Tribunal de commerce de Lyon, le 11 décembre 2025, n°2025F06606

Le Tribunal des activités économiques de Lyon, statuant le onze décembre deux mille vingt-cinq, a été saisi par un créancier public. Ce dernier sollicitait l’ouverture d’une liquidation judiciaire à l’encontre d’un entrepreneur individuel, en raison d’une dette certaine et exigible. Le débiteur a reconnu son état de cessation des paiements lors de l’audience. Le tribunal a prononcé la liquidation judiciaire et fixé la date de cessation des paiements au maximum légal. Il a également retenu l’application de la procédure de liquidation simplifiée.

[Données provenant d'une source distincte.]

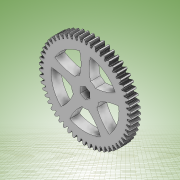
# Autodesk Inventor part: Engranaje1
Saved by Autodesk Inventor 2022 (Build 260153000, 153)
## iProperties
Created: 2022-03-08
Part Number: Engranaje1
Material: Genérico
Document SubType Name: Modeling
Designer: Marco
Density: 1 g/cm^3
Appearance: Valor por defecto
Author: Marco
Autodesk Inventor part; units mm, degrees
(part 1 of 3)
ref_plane "YZ Plane" through (0, 0, 0) normal (1, 0, 0) x (0, 1, 0)
ref_plane "XZ Plane" through (0, 0, 0) normal (0, 1, 0) x (-1, 0, 0)
ref_plane "XY Plane" through (0, 0, 0) normal (0, 0, 1) x (1, 0, 0)
sketch "Boceto4" plane through (0, 0, 0) normal (0, 0, 1) x (1, 0, 0)
  line L0 (-27.9789, -4.3637) -> (-27.7782, -4.2363)
  line L1 (-27.7782, -4.2363) -> (-27.5853, -4.1195)
  line L2 (-27.5853, -4.1195) -> (-27.3996, -4.0123)
  line L3 (-27.3996, -4.0123) -> (-27.2225, -3.9149)
  line L4 (-27.2225, -3.9149) -> (-27.053, -3.8263)
  line L5 (-27.053, -3.8263) -> (-26.8909, -3.7458)
  line L6 (-26.8909, -3.7458) -> (-26.7383, -3.674)
  line L7 (-26.7383, -3.674) -> (-26.5947, -3.6101)
  line L8 (-26.5947, -3.6101) -> (-26.3334, -3.5033)
  line L9 (-26.3334, -3.5033) -> (-26.0405, -3.3979)
  line L10 (-26.0405, -3.3979) -> (-25.9691, -3.3666)
  line L11 (-25.9691, -3.3666) -> (-25.9105, -3.334)
  line L12 (-25.9105, -3.334) -> (-25.8646, -3.3007)
  line L13 (-25.8646, -3.3007) -> (-25.8314, -3.2672)
  line L14 (-25.8314, -3.2672) -> (-25.811, -3.234)
  line L15 (-25.811, -3.234) -> (-25.8032, -3.2017)
  line L16 (-25.8032, -3.2017) -> (-25.8065, -3.1668)
  line L17 (-25.8065, -3.1668) -> (-25.8305, -2.9638)
  line L18 (-25.8305, -2.9638) -> (-25.8531, -2.7606)
  line L19 (-25.8531, -2.7606) -> (-25.8578, -2.7259)
  line L20 (-25.8578, -2.7259) -> (-25.8727, -2.6961)
  line L21 (-25.8727, -2.6961) -> (-25.9001, -2.6684)
  line L22 (-25.9001, -2.6684) -> (-25.94, -2.6433)
  line L23 (-25.94, -2.6433) -> (-25.9923, -2.6212)
  line L24 (-25.9923, -2.6212) -> (-26.0568, -2.6028)
  line L25 (-26.0568, -2.6028) -> (-26.1334, -2.5885)
  line L26 (-26.1334, -2.5885) -> (-26.4426, -2.5522)
  line L27 (-26.4426, -2.5522) -> (-26.7213, -2.5074)
  line L28 (-26.7213, -2.5074) -> (-26.8756, -2.4776)
  line L29 (-26.8756, -2.4776) -> (-27.0405, -2.4422)
  line L30 (-27.0405, -2.4422) -> (-27.2165, -2.4006)
  line L31 (-27.2165, -2.4006) -> (-27.4017, -2.3526)
  line L32 (-27.4017, -2.3526) -> (-27.5963, -2.2979)
  line L33 (-27.5963, -2.2979) -> (-27.8015, -2.2355)
  line L34 (-27.8015, -2.2355) -> (-28.0158, -2.1654)
  line L35 (-28.0158, -2.1654) -> (-28.2402, -2.0868)
  line L36 (-28.2402, -2.0868) -> (-28.4286, -2.0167)
  arc A0 (-28.4731, -1.2371) -> (-28.4286, -2.0167) centre (0, 0) ccw
  line L37 (-28.4731, -1.2371) -> (-28.294, -1.1459)
  line L38 (-28.294, -1.1459) -> (-28.0801, -1.0422)
  line L39 (-28.0801, -1.0422) -> (-27.8751, -0.9482)
  line L40 (-27.8751, -0.9482) -> (-27.6784, -0.8628)
  line L41 (-27.6784, -0.8628) -> (-27.4913, -0.7863)
  line L42 (-27.4913, -0.7863) -> (-27.3128, -0.7175)
  line L43 (-27.3128, -0.7175) -> (-27.1426, -0.6561)
  line L44 (-27.1426, -0.6561) -> (-26.9829, -0.6021)
  line L45 (-26.9829, -0.6021) -> (-26.8329, -0.555)
  line L46 (-26.8329, -0.555) -> (-26.5611, -0.4787)
  line L47 (-26.5611, -0.4787) -> (-26.2581, -0.4074)
  line L48 (-26.2581, -0.4074) -> (-26.1836, -0.3844)
  line L49 (-26.1836, -0.3844) -> (-26.1216, -0.3587)
  line L50 (-26.1216, -0.3587) -> (-26.0722, -0.3309)
  line L51 (-26.0722, -0.3309) -> (-26.0355, -0.3014)
  line L52 (-26.0355, -0.3014) -> (-26.0114, -0.2707)
  line L53 (-26.0114, -0.2707) -> (-26, -0.2394)
  line L54 (-26, -0.2394) -> (-25.9993, -0.2044)
  line L55 (-25.9993, -0.2044) -> (-26, 0)
  line L56 (-26, 0) -> (-25.9993, 0.2044)
  line L57 (-25.9993, 0.2044) -> (-26, 0.2394)
  line L58 (-26, 0.2394) -> (-26.0114, 0.2707)
  line L59 (-26.0114, 0.2707) -> (-26.0355, 0.3014)
  line L60 (-26.0355, 0.3014) -> (-26.0722, 0.3309)
  line L61 (-26.0722, 0.3309) -> (-26.1216, 0.3587)
  line L62 (-26.1216, 0.3587) -> (-26.1836, 0.3844)
  line L63 (-26.1836, 0.3844) -> (-26.2581, 0.4074)
  line L64 (-26.2581, 0.4074) -> (-26.5611, 0.4787)
  line L65 (-26.5611, 0.4787) -> (-26.8329, 0.555)
  line L66 (-26.8329, 0.555) -> (-26.9829, 0.6021)
  line L67 (-26.9829, 0.6021) -> (-27.1426, 0.6561)
  line L68 (-27.1426, 0.6561) -> (-27.3128, 0.7175)
  line L69 (-27.3128, 0.7175) -> (-27.4913, 0.7862)
  line L70 (-27.4913, 0.7862) -> (-27.6784, 0.8628)
  line L71 (-27.6784, 0.8628) -> (-27.8751, 0.9482)
  line L72 (-27.8751, 0.9482) -> (-28.0801, 1.0422)
  line L73 (-28.0801, 1.0422) -> (-28.294, 1.1459)
  line L74 (-28.294, 1.1459) -> (-28.4731, 1.2371)
  arc A1 (-28.4286, 2.0167) -> (-28.4731, 1.2371) centre (0, 0) ccw
  line L75 (-28.4286, 2.0167) -> (-28.2402, 2.0868)
  line L76 (-28.2402, 2.0868) -> (-28.0158, 2.1654)
  line L77 (-28.0158, 2.1654) -> (-27.8015, 2.2355)
  line L78 (-27.8015, 2.2355) -> (-27.5963, 2.2979)
  line L79 (-27.5963, 2.2979) -> (-27.4017, 2.3526)
  line L80 (-27.4017, 2.3526) -> (-27.2165, 2.4006)
  line L81 (-27.2165, 2.4006) -> (-27.0405, 2.4422)
  line L82 (-27.0405, 2.4422) -> (-26.8756, 2.4776)
  line L83 (-26.8756, 2.4776) -> (-26.7213, 2.5074)
  line L84 (-26.7213, 2.5074) -> (-26.4426, 2.5522)
  line L85 (-26.4426, 2.5522) -> (-26.1334, 2.5885)
  line L86 (-26.1334, 2.5885) -> (-26.0568, 2.6028)
  line L87 (-26.0568, 2.6028) -> (-25.9923, 2.6212)
  line L88 (-25.9923, 2.6212) -> (-25.94, 2.6433)
  line L89 (-25.94, 2.6433) -> (-25.9001, 2.6684)
  line L90 (-25.9001, 2.6684) -> (-25.8727, 2.6961)
  line L91 (-25.8727, 2.6961) -> (-25.8578, 2.7259)
  line L92 (-25.8578, 2.7259) -> (-25.8531, 2.7606)
  line L93 (-25.8531, 2.7606) -> (-25.8305, 2.9638)
  line L94 (-25.8305, 2.9638) -> (-25.8065, 3.1668)
  line L95 (-25.8065, 3.1668) -> (-25.8032, 3.2017)
  line L96 (-25.8032, 3.2017) -> (-25.811, 3.234)
  line L97 (-25.811, 3.234) -> (-25.8314, 3.2672)
  line L98 (-25.8314, 3.2672) -> (-25.8646, 3.3007)
  line L99 (-25.8646, 3.3007) -> (-25.9105, 3.334)
  line L100 (-25.9105, 3.334) -> (-25.9691, 3.3666)
  line L101 (-25.9691, 3.3666) -> (-26.0405, 3.3979)
  line L102 (-26.0405, 3.3979) -> (-26.3334, 3.5033)
  line L103 (-26.3334, 3.5033) -> (-26.5947, 3.6101)
  line L104 (-26.5947, 3.6101) -> (-26.7383, 3.674)
  line L105 (-26.7383, 3.674) -> (-26.8909, 3.7458)
  line L106 (-26.8909, 3.7458) -> (-27.053, 3.8263)
  line L107 (-27.053, 3.8263) -> (-27.2225, 3.9149)
  line L108 (-27.2225, 3.9149) -> (-27.3996, 4.0123)
  line L109 (-27.3996, 4.0123) -> (-27.5853, 4.1195)
  line L110 (-27.5853, 4.1195) -> (-27.7782, 4.2363)
  line L111 (-27.7782, 4.2363) -> (-27.9789, 4.3637)
  line L112 (-27.9789, 4.3637) -> (-28.1465, 4.4747)
  arc A2 (-28.0134, 5.2442) -> (-28.1465, 4.4747) centre (0, 0) ccw
  line L113 (-28.0134, 5.2442) -> (-27.8182, 5.2924)
  line L114 (-27.8182, 5.2924) -> (-27.5864, 5.3449)
  line L115 (-27.5864, 5.3449) -> (-27.3654, 5.3901)
  line L116 (-27.3654, 5.3901) -> (-27.1545, 5.4287)
  line L117 (-27.1545, 5.4287) -> (-26.9549, 5.4609)
  line L118 (-26.9549, 5.4609) -> (-26.7655, 5.4874)
  line L119 (-26.7655, 5.4874) -> (-26.5858, 5.5087)
  line L120 (-26.5858, 5.5087) -> (-26.418, 5.525)
  line L121 (-26.418, 5.525) -> (-26.2613, 5.537)
  line L122 (-26.2613, 5.537) -> (-25.9793, 5.5498)
  line L123 (-25.9793, 5.5498) -> (-25.668, 5.5506)
  line L124 (-25.668, 5.5506) -> (-25.5902, 5.5561)
  line L125 (-25.5902, 5.5561) -> (-25.524, 5.5671)
  line L126 (-25.524, 5.5671) -> (-25.4696, 5.583)
  line L127 (-25.4696, 5.583) -> (-25.4271, 5.6034)
  line L128 (-25.4271, 5.6034) -> (-25.3967, 5.6278)
  line L129 (-25.3967, 5.6278) -> (-25.3785, 5.6557)
  line L130 (-25.3785, 5.6557) -> (-25.3699, 5.6896)
  line L131 (-25.3699, 5.6896) -> (-25.3243, 5.8889)
  line L132 (-25.3243, 5.8889) -> (-25.2773, 6.0879)
  line L133 (-25.2773, 6.0879) -> (-25.2701, 6.1221)
  line L134 (-25.2701, 6.1221) -> (-25.2741, 6.1552)
  line L135 (-25.2741, 6.1552) -> (-25.2906, 6.1905)
  line L136 (-25.2906, 6.1905) -> (-25.3197, 6.2276)
  line L137 (-25.3197, 6.2276) -> (-25.3615, 6.2659)
  line L138 (-25.3615, 6.2659) -> (-25.4161, 6.3049)
  line L139 (-25.4161, 6.3049) -> (-25.4834, 6.3442)
  line L140 (-25.4834, 6.3442) -> (-25.7624, 6.4823)
  line L141 (-25.7624, 6.4823) -> (-26.0099, 6.6181)
  line L142 (-26.0099, 6.6181) -> (-26.1452, 6.698)
  line L143 (-26.1452, 6.698) -> (-26.2886, 6.7867)
  line L144 (-26.2886, 6.7867) -> (-26.4405, 6.8851)
  line L145 (-26.4405, 6.8851) -> (-26.5988, 6.9925)
  line L146 (-26.5988, 6.9925) -> (-26.7637, 7.1095)
  line L147 (-26.7637, 7.1095) -> (-26.9359, 7.2371)
  line L148 (-26.9359, 7.2371) -> (-27.1142, 7.3752)
  line L149 (-27.1142, 7.3752) -> (-27.2991, 7.5246)
  line L150 (-27.2991, 7.5246) -> (-27.453, 7.654)
  arc A3 (-27.233, 8.4033) -> (-27.453, 7.654) centre (0, 0) ccw
  line L151 (-27.233, 8.4033) -> (-27.0336, 8.4289)
  line L152 (-27.0336, 8.4289) -> (-26.7973, 8.4547)
  line L153 (-26.7973, 8.4547) -> (-26.5726, 8.4744)
  line L154 (-26.5726, 8.4744) -> (-26.3587, 8.4887)
  line L155 (-26.3587, 8.4887) -> (-26.1567, 8.4979)
  line L156 (-26.1567, 8.4979) -> (-25.9655, 8.5027)
  line L157 (-25.9655, 8.5027) -> (-25.7846, 8.5033)
  line L158 (-25.7846, 8.5033) -> (-25.616, 8.5005)
  line L159 (-25.616, 8.5005) -> (-25.4589, 8.4945)
  line L160 (-25.4589, 8.4945) -> (-25.1773, 8.475)
  line L161 (-25.1773, 8.475) -> (-24.868, 8.4403)
  line L162 (-24.868, 8.4403) -> (-24.7901, 8.4369)
  line L163 (-24.7901, 8.4369) -> (-24.7231, 8.4403)
  line L164 (-24.7231, 8.4403) -> (-24.6672, 8.4499)
  line L165 (-24.6672, 8.4499) -> (-24.6226, 8.4654)
  line L166 (-24.6226, 8.4654) -> (-24.5896, 8.4861)
  line L167 (-24.5896, 8.4861) -> (-24.5684, 8.5118)
  line L168 (-24.5684, 8.5118) -> (-24.556, 8.5445)
  line L169 (-24.556, 8.5445) -> (-24.488, 8.7373)
  line L170 (-24.488, 8.7373) -> (-24.4186, 8.9296)
  line L171 (-24.4186, 8.9296) -> (-24.4075, 8.9628)
  line L172 (-24.4075, 8.9628) -> (-24.4077, 8.9961)
  line L173 (-24.4077, 8.9961) -> (-24.4201, 9.033)
  line L174 (-24.4201, 9.033) -> (-24.4448, 9.0732)
  line L175 (-24.4448, 9.0732) -> (-24.482, 9.116)
  line L176 (-24.482, 9.116) -> (-24.5317, 9.161)
  line L177 (-24.5317, 9.161) -> (-24.5942, 9.2077)
  line L178 (-24.5942, 9.2077) -> (-24.8556, 9.3767)
  line L179 (-24.8556, 9.3767) -> (-25.0859, 9.5399)
  line L180 (-25.0859, 9.5399) -> (-25.2113, 9.6347)
  line L181 (-25.2113, 9.6347) -> (-25.3437, 9.7392)
  line L182 (-25.3437, 9.7392) -> (-25.4833, 9.8542)
  line L183 (-25.4833, 9.8542) -> (-25.6283, 9.979)
  line L184 (-25.6283, 9.979) -> (-25.7788, 10.1139)
  line L185 (-25.7788, 10.1139) -> (-25.9354, 10.2604)
  line L186 (-25.9354, 10.2604) -> (-26.0968, 10.4179)
  line L187 (-26.0968, 10.4179) -> (-26.2634, 10.5874)
  line L188 (-26.2634, 10.5874) -> (-26.4016, 10.7335)
  arc A4 (-26.0976, 11.4528) -> (-26.4016, 10.7335) centre (0, 0) ccw
  line L189 (-26.0976, 11.4528) -> (-25.8966, 11.4556)
  line L190 (-25.8966, 11.4556) -> (-25.6588, 11.4542)
  line L191 (-25.6588, 11.4542) -> (-25.4334, 11.4482)
  line L192 (-25.4334, 11.4482) -> (-25.2192, 11.438)
  line L193 (-25.2192, 11.438) -> (-25.0175, 11.4242)
  line L194 (-25.0175, 11.4242) -> (-24.827, 11.4071)
  line L195 (-24.827, 11.4071) -> (-24.6472, 11.3871)
  line L196 (-24.6472, 11.3871) -> (-24.4801, 11.3651)
  line L197 (-24.4801, 11.3651) -> (-24.3247, 11.3412)
  line L198 (-24.3247, 11.3412) -> (-24.0471, 11.2898)
  line L199 (-24.0471, 11.2898) -> (-23.7437, 11.22)
  line L200 (-23.7437, 11.22) -> (-23.6668, 11.2078)
  line L201 (-23.6668, 11.2078) -> (-23.5998, 11.2035)
  line L202 (-23.5998, 11.2035) -> (-23.5432, 11.2067)
  line L203 (-23.5432, 11.2067) -> (-23.4972, 11.2169)
  line L204 (-23.4972, 11.2169) -> (-23.462, 11.2338)
  line L205 (-23.462, 11.2338) -> (-23.438, 11.2569)
  line L206 (-23.438, 11.2569) -> (-23.4219, 11.288)
  line L207 (-23.4219, 11.288) -> (-23.3324, 11.4717)
  line L208 (-23.3324, 11.4717) -> (-23.2415, 11.6549)
  line L209 (-23.2415, 11.6549) -> (-23.2267, 11.6866)
  line L210 (-23.2267, 11.6866) -> (-23.2231, 11.7197)
  line L211 (-23.2231, 11.7197) -> (-23.2312, 11.7578)
  line L212 (-23.2312, 11.7578) -> (-23.2512, 11.8005)
  line L213 (-23.2512, 11.8005) -> (-23.2832, 11.8473)
  line L214 (-23.2832, 11.8473) -> (-23.3275, 11.8977)
  line L215 (-23.3275, 11.8977) -> (-23.3842, 11.9512)
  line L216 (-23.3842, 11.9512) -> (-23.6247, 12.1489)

La caractérisation de l’état de cessation des paiements

La démonstration de l’impossibilité de faire face au passif exigible. Le juge constate l’existence d’un titre exécutoire pour une créance fiscale importante et ancienne. L’inefficacité des voies d’exécution ordinaires vient parfaire cette démonstration. « En l’absence de règlement et compte tenu des tentatives infructueuses d’exécution, il est démontré que le débiteur n’est pas en mesure de faire face à son passif exigible au moyen de l’actif dont il dispose » (Motifs). Cette approche confirme une jurisprudence constante exigeant une appréciation in concreto. La situation rejoint celle où « la société ne justifie d’aucun actif disponible suffisant pouvant faire face à ce passif exigible » (Cour d’appel de Paris, le 3 avril 2025, n°24/16725). La cessation des paiements est ainsi établie par la carence de trésorerie disponible.

La fixation de la date de cessation des paiements au maximum légal. Le tribunal relève l’ancienneté du passif principal, constitué de cotisations dues depuis plusieurs années. Il use de son pouvoir souverain pour fixer cette date rétroactivement. « Il convient de fixer la date de cessation des paiements au 11/06/2024, maximum légal prévu par l’article L.631-8 du Code de Commerce » (Motifs). Cette décision protège la période suspecte et sécurise les actes passés durant l’antériorité. Elle illustre l’adaptation du juge aux situations où la date exacte est difficile à déterminer. La fixation au maximum légal opère ainsi au bénéfice de la masse des créanciers.

Le prononcé de la liquidation et le choix de la procédure simplifiée

La constatation de l’impossibilité manifeste de redressement. Le tribunal procède à un examen succinct du dossier pour apprécier les perspectives de l’entreprise. Aucun élément ne permet d’envisager un plan de continuation viable. « L’examen du dossier démontre que le redressement de l’entreprise est manifestement impossible » (Motifs). Ce constat, joint à l’état de cessation des paiements, justifie le prononcé de la liquidation. Le juge vérifie ainsi le caractère manifeste de l’impossibilité, condition nécessaire pour éviter une période d’observation. Cette appréciation peut être influencée par « l’apparition d’un nouveau passif durant la période d’observation » (Cour d’appel de Paris, le 11 février 2025, n°24/14337), bien qu’en l’espèce cette période n’ait pas été ouverte.

Le recours à la liquidation judiciaire simplifiée. Le tribunal estime que les conditions de cette procédure accélérée sont réunies. Il en fait application tout en prévoyant un contrôle a posteriori par le liquidateur. « Le Tribunal fait application de la procédure de liquidation judiciaire simplifiée prévue aux articles L.641-2 et D.641-10 du Code de Commerce » (Motifs). Cette décision permet une gestion plus rapide et moins coûteuse des actifs modestes. Le juge conserve un pouvoir de surveillance, le liquidateur devant lui faire rapport en cas de difficulté. Cette souplesse procédurale vise à adapter la liquidation à l’importance et à la nature des biens à réaliser.

Source : Cour de cassation – Base Open Data « Judilibre » & « Légifrance ».